That position conflates negative rights, such as the right to express your opinions without being punished by the government or the right to be protected from unreasonable searches and seizures, with positive rights—in this case, the purported right to government-subsidized health care. That conflation opens the door to demanding all sorts of taxpayer-funded subsidies as essential to the exercise of civil liberties. If "stable health care" is a prerequisite for fully participating in "the economic, social, and civic life of our nation," so is stable housing, stable employment, and a stable supply of food, clothing, and transportation. Such reasoning expands the ACLU's mission to include pretty much any domestic policy issue.

The ACLU's promotion of a broad progressive agenda is not just a divisive distraction. It is an invitation to expanded government power that undermines individual freedom. In defending the Affordable Care Act's requirement that every American obtain government-approved health coverage, for example, the ACLU counterintuitively argued that the mandate protected "personal liberty."

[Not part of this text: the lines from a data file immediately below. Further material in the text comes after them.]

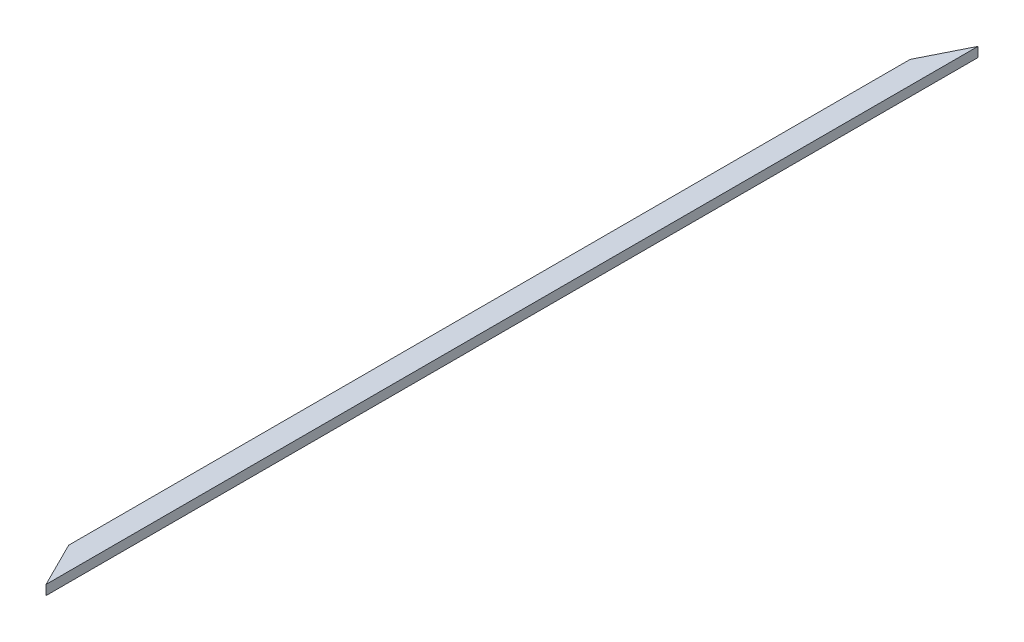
ISO-10303-21;
HEADER;
FILE_DESCRIPTION(('STEP AP214'),'2;1');
FILE_NAME('part.step','',(''),(''),'','','');
FILE_SCHEMA(('AUTOMOTIVE_DESIGN { 1 0 10303 214 1 1 1 1 }'));
ENDSEC;
DATA;
#1=APPLICATION_CONTEXT('core data for automotive mechanical design processes');
#2=APPLICATION_PROTOCOL_DEFINITION('international standard','automotive_design',2000,#1);
#3=PRODUCT_CONTEXT('',#1,'mechanical');
#4=PRODUCT('Part','Part','',(#3));
#5=PRODUCT_RELATED_PRODUCT_CATEGORY('part','',(#4));
#6=PRODUCT_DEFINITION_FORMATION('','',#4);
#7=PRODUCT_DEFINITION_CONTEXT('part definition',#1,'design');
#8=PRODUCT_DEFINITION('design','',#6,#7);
#9=PRODUCT_DEFINITION_SHAPE('','',#8);
#10=(LENGTH_UNIT() NAMED_UNIT(*) SI_UNIT(.MILLI.,.METRE.));
#11=(NAMED_UNIT(*) PLANE_ANGLE_UNIT() SI_UNIT($,.RADIAN.));
#12=(NAMED_UNIT(*) SI_UNIT($,.STERADIAN.) SOLID_ANGLE_UNIT());
#13=UNCERTAINTY_MEASURE_WITH_UNIT(LENGTH_MEASURE(1.E-05),#10,'distance_accuracy_value','');
#14=(GEOMETRIC_REPRESENTATION_CONTEXT(3) GLOBAL_UNCERTAINTY_ASSIGNED_CONTEXT((#13)) GLOBAL_UNIT_ASSIGNED_CONTEXT((#10,
#11,#12)) REPRESENTATION_CONTEXT('',''));
#15=CARTESIAN_POINT('',(0.,0.,0.));
#16=DIRECTION('',(0.,0.,1.));
#17=DIRECTION('',(1.,0.,0.));
#18=AXIS2_PLACEMENT_3D('',#15,#16,#17);
#19=CARTESIAN_POINT('',(-88.9000000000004,38.1,177.761613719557));
#20=DIRECTION('',(0.894388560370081,0.,0.447290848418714));
#21=DIRECTION('',(0.447290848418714,0.,-0.894388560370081));
#22=AXIS2_PLACEMENT_3D('',#19,#20,#21);
#23=PLANE('',#22);
#24=DIRECTION('',(-0.447290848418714,0.,0.894388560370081));
#25=VECTOR('',#24,1.);
#26=CARTESIAN_POINT('',(-88.9000000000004,0.,177.761613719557));
#27=LINE('',#26,#25);
#28=CARTESIAN_POINT('',(0.,0.,0.));
#29=VERTEX_POINT('',#28);
#30=CARTESIAN_POINT('',(-88.9000000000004,0.,177.761613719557));
#31=VERTEX_POINT('',#30);
#32=EDGE_CURVE('E96',#29,#31,#27,.T.);
#33=ORIENTED_EDGE('',*,*,#32,.T.);
#34=DIRECTION('',(0.,-1.,0.));
#35=VECTOR('',#34,1.);
#36=CARTESIAN_POINT('',(-88.9000000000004,38.1,177.761613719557));
#37=LINE('',#36,#35);
#38=CARTESIAN_POINT('',(-88.9000000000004,38.1,177.761613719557));
#39=VERTEX_POINT('',#38);
#40=EDGE_CURVE('E11',#39,#31,#37,.T.);
#41=ORIENTED_EDGE('',*,*,#40,.F.);
#42=DIRECTION('',(-0.447290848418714,0.,0.894388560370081));
#43=VECTOR('',#42,1.);
#44=CARTESIAN_POINT('',(-88.9000000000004,38.1,177.761613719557));
#45=LINE('',#44,#43);
#46=CARTESIAN_POINT('',(0.,38.1,0.));
#47=VERTEX_POINT('',#46);
#48=EDGE_CURVE('E84',#47,#39,#45,.T.);
#49=ORIENTED_EDGE('',*,*,#48,.F.);
#50=DIRECTION('',(0.,-1.,0.));
#51=VECTOR('',#50,1.);
#52=CARTESIAN_POINT('',(0.,38.1,0.));
#53=LINE('',#52,#51);
#54=EDGE_CURVE('E92',#47,#29,#53,.T.);
#55=ORIENTED_EDGE('',*,*,#54,.T.);
#56=EDGE_LOOP('',(#33,#41,#49,#55));
#57=FACE_BOUND('',#56,.T.);
#58=ADVANCED_FACE('F33',(#57),#23,.F.);
#59=CARTESIAN_POINT('',(-88.8999999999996,38.1,3479.83838628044));
#60=DIRECTION('',(1.,0.,0.));
#61=DIRECTION('',(0.,0.,-1.));
#62=AXIS2_PLACEMENT_3D('',#59,#60,#61);
#63=PLANE('',#62);
#64=DIRECTION('',(0.,0.,1.));
#65=VECTOR('',#64,1.);
#66=CARTESIAN_POINT('',(-88.8999999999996,0.,3479.83838628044));
#67=LINE('',#66,#65);
#68=CARTESIAN_POINT('',(-88.8999999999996,0.,3479.83838628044));
#69=VERTEX_POINT('',#68);
#70=EDGE_CURVE('E88',#31,#69,#67,.T.);
#71=ORIENTED_EDGE('',*,*,#70,.T.);
#72=DIRECTION('',(0.,-1.,0.));
#73=VECTOR('',#72,1.);
#74=CARTESIAN_POINT('',(-88.8999999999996,38.1,3479.83838628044));
#75=LINE('',#74,#73);
#76=CARTESIAN_POINT('',(-88.8999999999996,38.1,3479.83838628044));
#77=VERTEX_POINT('',#76);
#78=EDGE_CURVE('E41',#77,#69,#75,.T.);
#79=ORIENTED_EDGE('',*,*,#78,.F.);
#80=DIRECTION('',(0.,0.,1.));
#81=VECTOR('',#80,1.);
#82=CARTESIAN_POINT('',(-88.8999999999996,38.1,3479.83838628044));
#83=LINE('',#82,#81);
#84=EDGE_CURVE('E79',#39,#77,#83,.T.);
#85=ORIENTED_EDGE('',*,*,#84,.F.);
#86=ORIENTED_EDGE('',*,*,#40,.T.);
#87=EDGE_LOOP('',(#71,#79,#85,#86));
#88=FACE_BOUND('',#87,.T.);
#89=ADVANCED_FACE('F87',(#88),#63,.F.);
#90=CARTESIAN_POINT('',(4.47558656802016E-13,38.1,3657.6));
#91=DIRECTION('',(0.894388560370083,0.,-0.447290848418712));
#92=DIRECTION('',(-0.447290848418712,0.,-0.894388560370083));
#93=AXIS2_PLACEMENT_3D('',#90,#91,#92);
#94=PLANE('',#93);
#95=DIRECTION('',(0.447290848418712,0.,0.894388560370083));
#96=VECTOR('',#95,1.);
#97=CARTESIAN_POINT('',(4.47558656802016E-13,0.,3657.6));
#98=LINE('',#97,#96);
#99=CARTESIAN_POINT('',(4.47558656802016E-13,0.,3657.6));
#100=VERTEX_POINT('',#99);
#101=EDGE_CURVE('E66',#69,#100,#98,.T.);
#102=ORIENTED_EDGE('',*,*,#101,.T.);
#103=DIRECTION('',(0.,-1.,0.));
#104=VECTOR('',#103,1.);
#105=CARTESIAN_POINT('',(4.47558656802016E-13,38.1,3657.6));
#106=LINE('',#105,#104);
#107=CARTESIAN_POINT('',(4.47558656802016E-13,38.1,3657.6));
#108=VERTEX_POINT('',#107);
#109=EDGE_CURVE('E89',#108,#100,#106,.T.);
#110=ORIENTED_EDGE('',*,*,#109,.F.);
#111=DIRECTION('',(0.447290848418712,0.,0.894388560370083));
#112=VECTOR('',#111,1.);
#113=CARTESIAN_POINT('',(4.47558656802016E-13,38.1,3657.6));
#114=LINE('',#113,#112);
#115=EDGE_CURVE('E82',#77,#108,#114,.T.);
#116=ORIENTED_EDGE('',*,*,#115,.F.);
#117=ORIENTED_EDGE('',*,*,#78,.T.);
#118=EDGE_LOOP('',(#102,#110,#116,#117));
#119=FACE_BOUND('',#118,.T.);
#120=ADVANCED_FACE('F90',(#119),#94,.F.);
#121=CARTESIAN_POINT('',(0.,38.1,0.));
#122=DIRECTION('',(-1.,0.,0.));
#123=DIRECTION('',(0.,0.,1.));
#124=AXIS2_PLACEMENT_3D('',#121,#122,#123);
#125=PLANE('',#124);
#126=DIRECTION('',(0.,0.,-1.));
#127=VECTOR('',#126,1.);
#128=CARTESIAN_POINT('',(0.,0.,0.));
#129=LINE('',#128,#127);
#130=EDGE_CURVE('E72',#100,#29,#129,.T.);
#131=ORIENTED_EDGE('',*,*,#130,.T.);
#132=ORIENTED_EDGE('',*,*,#54,.F.);
#133=DIRECTION('',(0.,0.,-1.));
#134=VECTOR('',#133,1.);
#135=CARTESIAN_POINT('',(0.,38.1,0.));
#136=LINE('',#135,#134);
#137=EDGE_CURVE('E49',#108,#47,#136,.T.);
#138=ORIENTED_EDGE('',*,*,#137,.F.);
#139=ORIENTED_EDGE('',*,*,#109,.T.);
#140=EDGE_LOOP('',(#131,#132,#138,#139));
#141=FACE_BOUND('',#140,.T.);
#142=ADVANCED_FACE('F103',(#141),#125,.F.);
#143=CARTESIAN_POINT('',(0.,38.1,0.));
#144=DIRECTION('',(0.,1.,0.));
#145=DIRECTION('',(0.,0.,1.));
#146=AXIS2_PLACEMENT_3D('',#143,#144,#145);
#147=PLANE('',#146);
#148=ORIENTED_EDGE('',*,*,#48,.T.);
#149=ORIENTED_EDGE('',*,*,#84,.T.);
#150=ORIENTED_EDGE('',*,*,#115,.T.);
#151=ORIENTED_EDGE('',*,*,#137,.T.);
#152=EDGE_LOOP('',(#148,#149,#150,#151));
#153=FACE_BOUND('',#152,.T.);
#154=ADVANCED_FACE('F80',(#153),#147,.T.);
#155=CARTESIAN_POINT('',(0.,0.,0.));
#156=DIRECTION('',(0.,1.,0.));
#157=DIRECTION('',(0.,0.,1.));
#158=AXIS2_PLACEMENT_3D('',#155,#156,#157);
#159=PLANE('',#158);
#160=ORIENTED_EDGE('',*,*,#32,.F.);
#161=ORIENTED_EDGE('',*,*,#130,.F.);
#162=ORIENTED_EDGE('',*,*,#101,.F.);
#163=ORIENTED_EDGE('',*,*,#70,.F.);
#164=EDGE_LOOP('',(#160,#161,#162,#163));
#165=FACE_BOUND('',#164,.T.);
#166=ADVANCED_FACE('F106',(#165),#159,.F.);
#167=CLOSED_SHELL('',(#58,#89,#120,#142,#154,#166));
#168=MANIFOLD_SOLID_BREP('B2',#167);
#169=ADVANCED_BREP_SHAPE_REPRESENTATION('',(#18,#168),#14);
#170=SHAPE_DEFINITION_REPRESENTATION(#9,#169);
ENDSEC;
END-ISO-10303-21;

Or consider gun control. It is bad enough that the ACLU has no interest in defending the constitutional right to armed self-defense, which it says does not exist. It is worse that the organization supports New York's virtual ban on carrying firearms for self-defense, arguing that "restrictions on guns in public spaces are appropriate to make public spaces safe for democratic participation, including First Amendment activity such as assembly, association, and speech."

It would be worse still if the ACLU decided to support gun control more generally, on the theory that firearm restrictions address a problem that disproportionately harms African Americans, as the NAACP Legal Defense and Educational Fund argues. The idea that gun control promotes racial justice perversely invites policies and practices that not only violate civil liberties but also disproportionately harm racial minorities, as illustrated by New York's severe restrictions on the right to bear arms, the NYPD's "stop, question, and frisk" program, and last year's felon-in-possession crackdown in Washington, D.C.

While the ACLU has never been keen on the Second Amendment, it has a long, admirable history of defending the First Amendment, even when that meant helping people with odious views. But that commitment is now open to question (and has been for some time) because it conflicts with the preferences of people who think the ACLU should prioritize progressive causes rather than civil liberties.

That is what the ACLU did after Kyle Rittenhouse successfully argued that he acted in self-defense when he shot three people, two fatally, during an August 2020 protest in Kenosha, Wisconsin. When a jury acquitted Rittenhouse of all charges last month, the ACLU complained that he "was not held responsible for his actions" and irrelevantly decried "the impact that violence in defense of white supremacy has on the Black and Brown communities." Thus did an organization that is supposedly dedicated to defending the rights of criminal defendants abandon that cause, bowing to political correctness by implying that the law and the evidence did not matter. So much for due process, trial by jury, the presumption of innocence, and proof beyond a reasonable doubt.

The ACLU continues to do good work in defense of civil liberties. But its embrace of wide-ranging progressive goals is clearly undermining the principles that made it distinctive and worthy of support from people who don't necessarily agree with that agenda.